What is needed:
Copying task for the records below: reproduce each one exactly and drop the pictures.

----- Data extracts

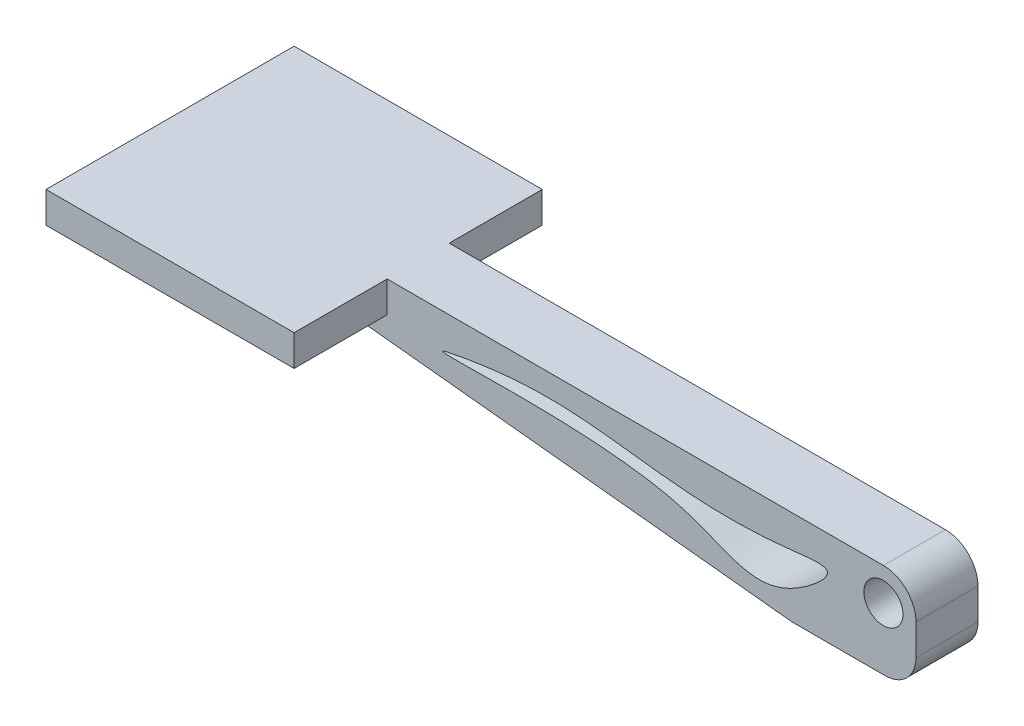
ISO-10303-21;
HEADER;
FILE_DESCRIPTION(('STEP AP214'),'2;1');
FILE_NAME('part.step','',(''),(''),'','','');
FILE_SCHEMA(('AUTOMOTIVE_DESIGN { 1 0 10303 214 1 1 1 1 }'));
ENDSEC;
DATA;
#1=APPLICATION_CONTEXT('core data for automotive mechanical design processes');
#2=APPLICATION_PROTOCOL_DEFINITION('international standard','automotive_design',2000,#1);
#3=PRODUCT_CONTEXT('',#1,'mechanical');
#4=PRODUCT('Part','Part','',(#3));
#5=PRODUCT_RELATED_PRODUCT_CATEGORY('part','',(#4));
#6=PRODUCT_DEFINITION_FORMATION('','',#4);
#7=PRODUCT_DEFINITION_CONTEXT('part definition',#1,'design');
#8=PRODUCT_DEFINITION('design','',#6,#7);
#9=PRODUCT_DEFINITION_SHAPE('','',#8);
#10=(LENGTH_UNIT() NAMED_UNIT(*) SI_UNIT(.MILLI.,.METRE.));
#11=(NAMED_UNIT(*) PLANE_ANGLE_UNIT() SI_UNIT($,.RADIAN.));
#12=(NAMED_UNIT(*) SI_UNIT($,.STERADIAN.) SOLID_ANGLE_UNIT());
#13=UNCERTAINTY_MEASURE_WITH_UNIT(LENGTH_MEASURE(1.E-05),#10,'distance_accuracy_value','');
#14=(GEOMETRIC_REPRESENTATION_CONTEXT(3) GLOBAL_UNCERTAINTY_ASSIGNED_CONTEXT((#13)) GLOBAL_UNIT_ASSIGNED_CONTEXT((#10,
#11,#12)) REPRESENTATION_CONTEXT('',''));
#15=CARTESIAN_POINT('',(0.,0.,0.));
#16=DIRECTION('',(0.,0.,1.));
#17=DIRECTION('',(1.,0.,0.));
#18=AXIS2_PLACEMENT_3D('',#15,#16,#17);
#19=CARTESIAN_POINT('',(-232.485951851655,5.29440272759926,-10.));
#20=DIRECTION('',(0.,0.,1.));
#21=DIRECTION('',(1.,0.,0.));
#22=AXIS2_PLACEMENT_3D('',#19,#20,#21);
#23=CYLINDRICAL_SURFACE('',#22,7.5);
#24=DIRECTION('',(0.,0.,1.));
#25=VECTOR('',#24,1.);
#26=CARTESIAN_POINT('',(-238.25342118279,0.499999999999965,-10.));
#27=LINE('',#26,#25);
#28=CARTESIAN_POINT('',(-238.25342118279,0.499999999999965,-10.));
#29=VERTEX_POINT('',#28);
#30=CARTESIAN_POINT('',(-238.25342118279,0.499999999999965,10.));
#31=VERTEX_POINT('',#30);
#32=EDGE_CURVE('E179',#29,#31,#27,.T.);
#33=ORIENTED_EDGE('',*,*,#32,.F.);
#34=CARTESIAN_POINT('',(-232.485951851655,5.29440272759926,-10.));
#35=DIRECTION('',(0.,0.,1.));
#36=DIRECTION('',(1.,0.,0.));
#37=AXIS2_PLACEMENT_3D('',#34,#35,#36);
#38=CIRCLE('',#37,7.5);
#39=CARTESIAN_POINT('',(-232.485951851655,-2.20559727240074,-10.));
#40=VERTEX_POINT('',#39);
#41=EDGE_CURVE('E230',#40,#29,#38,.F.);
#42=ORIENTED_EDGE('',*,*,#41,.F.);
#43=DIRECTION('',(0.,0.,1.));
#44=VECTOR('',#43,1.);
#45=CARTESIAN_POINT('',(-232.485951851655,-2.20559727240074,-10.));
#46=LINE('',#45,#44);
#47=CARTESIAN_POINT('',(-232.485951851655,-2.20559727240074,10.));
#48=VERTEX_POINT('',#47);
#49=EDGE_CURVE('E307',#40,#48,#46,.T.);
#50=ORIENTED_EDGE('',*,*,#49,.T.);
#51=CARTESIAN_POINT('',(-232.485951851655,5.29440272759926,10.));
#52=DIRECTION('',(0.,0.,1.));
#53=DIRECTION('',(1.,0.,0.));
#54=AXIS2_PLACEMENT_3D('',#51,#52,#53);
#55=CIRCLE('',#54,7.5);
#56=EDGE_CURVE('E193',#48,#31,#55,.F.);
#57=ORIENTED_EDGE('',*,*,#56,.T.);
#58=EDGE_LOOP('',(#33,#42,#50,#57));
#59=FACE_BOUND('',#58,.T.);
#60=ADVANCED_FACE('F39',(#59),#23,.T.);
#61=CARTESIAN_POINT('',(0.,0.,-10.));
#62=DIRECTION('',(0.,0.,1.));
#63=DIRECTION('',(1.,0.,0.));
#64=AXIS2_PLACEMENT_3D('',#61,#62,#63);
#65=CYLINDRICAL_SURFACE('',#64,10.5);
#66=DIRECTION('',(0.,0.,1.));
#67=VECTOR('',#66,1.);
#68=CARTESIAN_POINT('',(0.,10.5,-10.));
#69=LINE('',#68,#67);
#70=CARTESIAN_POINT('',(0.,10.5,-10.));
#71=VERTEX_POINT('',#70);
#72=CARTESIAN_POINT('',(0.,10.5,10.));
#73=VERTEX_POINT('',#72);
#74=EDGE_CURVE('E254',#71,#73,#69,.T.);
#75=ORIENTED_EDGE('',*,*,#74,.T.);
#76=CARTESIAN_POINT('',(0.,0.,10.));
#77=DIRECTION('',(0.,0.,1.));
#78=DIRECTION('',(1.,0.,0.));
#79=AXIS2_PLACEMENT_3D('',#76,#77,#78);
#80=CIRCLE('',#79,10.5);
#81=CARTESIAN_POINT('',(10.5,0.,10.));
#82=VERTEX_POINT('',#81);
#83=EDGE_CURVE('E188',#82,#73,#80,.T.);
#84=ORIENTED_EDGE('',*,*,#83,.F.);
#85=DIRECTION('',(0.,0.,1.));
#86=VECTOR('',#85,1.);
#87=CARTESIAN_POINT('',(10.5,0.,-10.));
#88=LINE('',#87,#86);
#89=CARTESIAN_POINT('',(10.5,0.,-10.));
#90=VERTEX_POINT('',#89);
#91=EDGE_CURVE('E255',#90,#82,#88,.T.);
#92=ORIENTED_EDGE('',*,*,#91,.F.);
#93=CARTESIAN_POINT('',(0.,0.,-10.));
#94=DIRECTION('',(0.,0.,1.));
#95=DIRECTION('',(1.,0.,0.));
#96=AXIS2_PLACEMENT_3D('',#93,#94,#95);
#97=CIRCLE('',#96,10.5);
#98=EDGE_CURVE('E225',#90,#71,#97,.T.);
#99=ORIENTED_EDGE('',*,*,#98,.T.);
#100=EDGE_LOOP('',(#75,#84,#92,#99));
#101=FACE_BOUND('',#100,.T.);
#102=ADVANCED_FACE('F272',(#101),#65,.T.);
#103=CARTESIAN_POINT('',(10.5,0.,-10.));
#104=DIRECTION('',(-1.,0.,0.));
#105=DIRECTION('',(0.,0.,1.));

----------

Your response:
ISO-10303-21;
HEADER;
FILE_DESCRIPTION(('STEP AP214'),'2;1');
FILE_NAME('part.step','',(''),(''),'','','');
FILE_SCHEMA(('AUTOMOTIVE_DESIGN { 1 0 10303 214 1 1 1 1 }'));
ENDSEC;
DATA;
#1=APPLICATION_CONTEXT('core data for automotive mechanical design processes');
#2=APPLICATION_PROTOCOL_DEFINITION('international standard','automotive_design',2000,#1);
#3=PRODUCT_CONTEXT('',#1,'mechanical');
#4=PRODUCT('Part','Part','',(#3));
#5=PRODUCT_RELATED_PRODUCT_CATEGORY('part','',(#4));
#6=PRODUCT_DEFINITION_FORMATION('','',#4);
#7=PRODUCT_DEFINITION_CONTEXT('part definition',#1,'design');
#8=PRODUCT_DEFINITION('design','',#6,#7);
#9=PRODUCT_DEFINITION_SHAPE('','',#8);
#10=(LENGTH_UNIT() NAMED_UNIT(*) SI_UNIT(.MILLI.,.METRE.));
#11=(NAMED_UNIT(*) PLANE_ANGLE_UNIT() SI_UNIT($,.RADIAN.));
#12=(NAMED_UNIT(*) SI_UNIT($,.STERADIAN.) SOLID_ANGLE_UNIT());
#13=UNCERTAINTY_MEASURE_WITH_UNIT(LENGTH_MEASURE(1.E-05),#10,'distance_accuracy_value','');
#14=(GEOMETRIC_REPRESENTATION_CONTEXT(3) GLOBAL_UNCERTAINTY_ASSIGNED_CONTEXT((#13)) GLOBAL_UNIT_ASSIGNED_CONTEXT((#10,
#11,#12)) REPRESENTATION_CONTEXT('',''));
#15=CARTESIAN_POINT('',(0.,0.,0.));
#16=DIRECTION('',(0.,0.,1.));
#17=DIRECTION('',(1.,0.,0.));
#18=AXIS2_PLACEMENT_3D('',#15,#16,#17);
#19=CARTESIAN_POINT('',(-232.485951851655,5.29440272759926,-10.));
#20=DIRECTION('',(0.,0.,1.));
#21=DIRECTION('',(1.,0.,0.));
#22=AXIS2_PLACEMENT_3D('',#19,#20,#21);
#23=CYLINDRICAL_SURFACE('',#22,7.5);
#24=DIRECTION('',(0.,0.,1.));
#25=VECTOR('',#24,1.);
#26=CARTESIAN_POINT('',(-238.25342118279,0.499999999999965,-10.));
#27=LINE('',#26,#25);
#28=CARTESIAN_POINT('',(-238.25342118279,0.499999999999965,-10.));
#29=VERTEX_POINT('',#28);
#30=CARTESIAN_POINT('',(-238.25342118279,0.499999999999965,10.));
#31=VERTEX_POINT('',#30);
#32=EDGE_CURVE('E179',#29,#31,#27,.T.);
#33=ORIENTED_EDGE('',*,*,#32,.F.);
#34=CARTESIAN_POINT('',(-232.485951851655,5.29440272759926,-10.));
#35=DIRECTION('',(0.,0.,1.));
#36=DIRECTION('',(1.,0.,0.));
#37=AXIS2_PLACEMENT_3D('',#34,#35,#36);
#38=CIRCLE('',#37,7.5);
#39=CARTESIAN_POINT('',(-232.485951851655,-2.20559727240074,-10.));
#40=VERTEX_POINT('',#39);
#41=EDGE_CURVE('E230',#40,#29,#38,.F.);
#42=ORIENTED_EDGE('',*,*,#41,.F.);
#43=DIRECTION('',(0.,0.,1.));
#44=VECTOR('',#43,1.);
#45=CARTESIAN_POINT('',(-232.485951851655,-2.20559727240074,-10.));
#46=LINE('',#45,#44);
#47=CARTESIAN_POINT('',(-232.485951851655,-2.20559727240074,10.));
#48=VERTEX_POINT('',#47);
#49=EDGE_CURVE('E307',#40,#48,#46,.T.);
#50=ORIENTED_EDGE('',*,*,#49,.T.);
#51=CARTESIAN_POINT('',(-232.485951851655,5.29440272759926,10.));
#52=DIRECTION('',(0.,0.,1.));
#53=DIRECTION('',(1.,0.,0.));
#54=AXIS2_PLACEMENT_3D('',#51,#52,#53);
#55=CIRCLE('',#54,7.5);
#56=EDGE_CURVE('E193',#48,#31,#55,.F.);
#57=ORIENTED_EDGE('',*,*,#56,.T.);
#58=EDGE_LOOP('',(#33,#42,#50,#57));
#59=FACE_BOUND('',#58,.T.);
#60=ADVANCED_FACE('F39',(#59),#23,.T.);
#61=CARTESIAN_POINT('',(0.,0.,-10.));
#62=DIRECTION('',(0.,0.,1.));
#63=DIRECTION('',(1.,0.,0.));
#64=AXIS2_PLACEMENT_3D('',#61,#62,#63);
#65=CYLINDRICAL_SURFACE('',#64,10.5);
#66=DIRECTION('',(0.,0.,1.));
#67=VECTOR('',#66,1.);
#68=CARTESIAN_POINT('',(0.,10.5,-10.));
#69=LINE('',#68,#67);
#70=CARTESIAN_POINT('',(0.,10.5,-10.));
#71=VERTEX_POINT('',#70);
#72=CARTESIAN_POINT('',(0.,10.5,10.));
#73=VERTEX_POINT('',#72);
#74=EDGE_CURVE('E254',#71,#73,#69,.T.);
#75=ORIENTED_EDGE('',*,*,#74,.T.);
#76=CARTESIAN_POINT('',(0.,0.,10.));
#77=DIRECTION('',(0.,0.,1.));
#78=DIRECTION('',(1.,0.,0.));
#79=AXIS2_PLACEMENT_3D('',#76,#77,#78);
#80=CIRCLE('',#79,10.5);
#81=CARTESIAN_POINT('',(10.5,0.,10.));
#82=VERTEX_POINT('',#81);
#83=EDGE_CURVE('E188',#82,#73,#80,.T.);
#84=ORIENTED_EDGE('',*,*,#83,.F.);
#85=DIRECTION('',(0.,0.,1.));
#86=VECTOR('',#85,1.);
#87=CARTESIAN_POINT('',(10.5,0.,-10.));
#88=LINE('',#87,#86);
#89=CARTESIAN_POINT('',(10.5,0.,-10.));
#90=VERTEX_POINT('',#89);
#91=EDGE_CURVE('E255',#90,#82,#88,.T.);
#92=ORIENTED_EDGE('',*,*,#91,.F.);
#93=CARTESIAN_POINT('',(0.,0.,-10.));
#94=DIRECTION('',(0.,0.,1.));
#95=DIRECTION('',(1.,0.,0.));
#96=AXIS2_PLACEMENT_3D('',#93,#94,#95);
#97=CIRCLE('',#96,10.5);
#98=EDGE_CURVE('E225',#90,#71,#97,.T.);
#99=ORIENTED_EDGE('',*,*,#98,.T.);
#100=EDGE_LOOP('',(#75,#84,#92,#99));
#101=FACE_BOUND('',#100,.T.);
#102=ADVANCED_FACE('F272',(#101),#65,.T.);
#103=CARTESIAN_POINT('',(10.5,0.,-10.));
#104=DIRECTION('',(-1.,0.,0.));
#105=DIRECTION('',(0.,0.,1.));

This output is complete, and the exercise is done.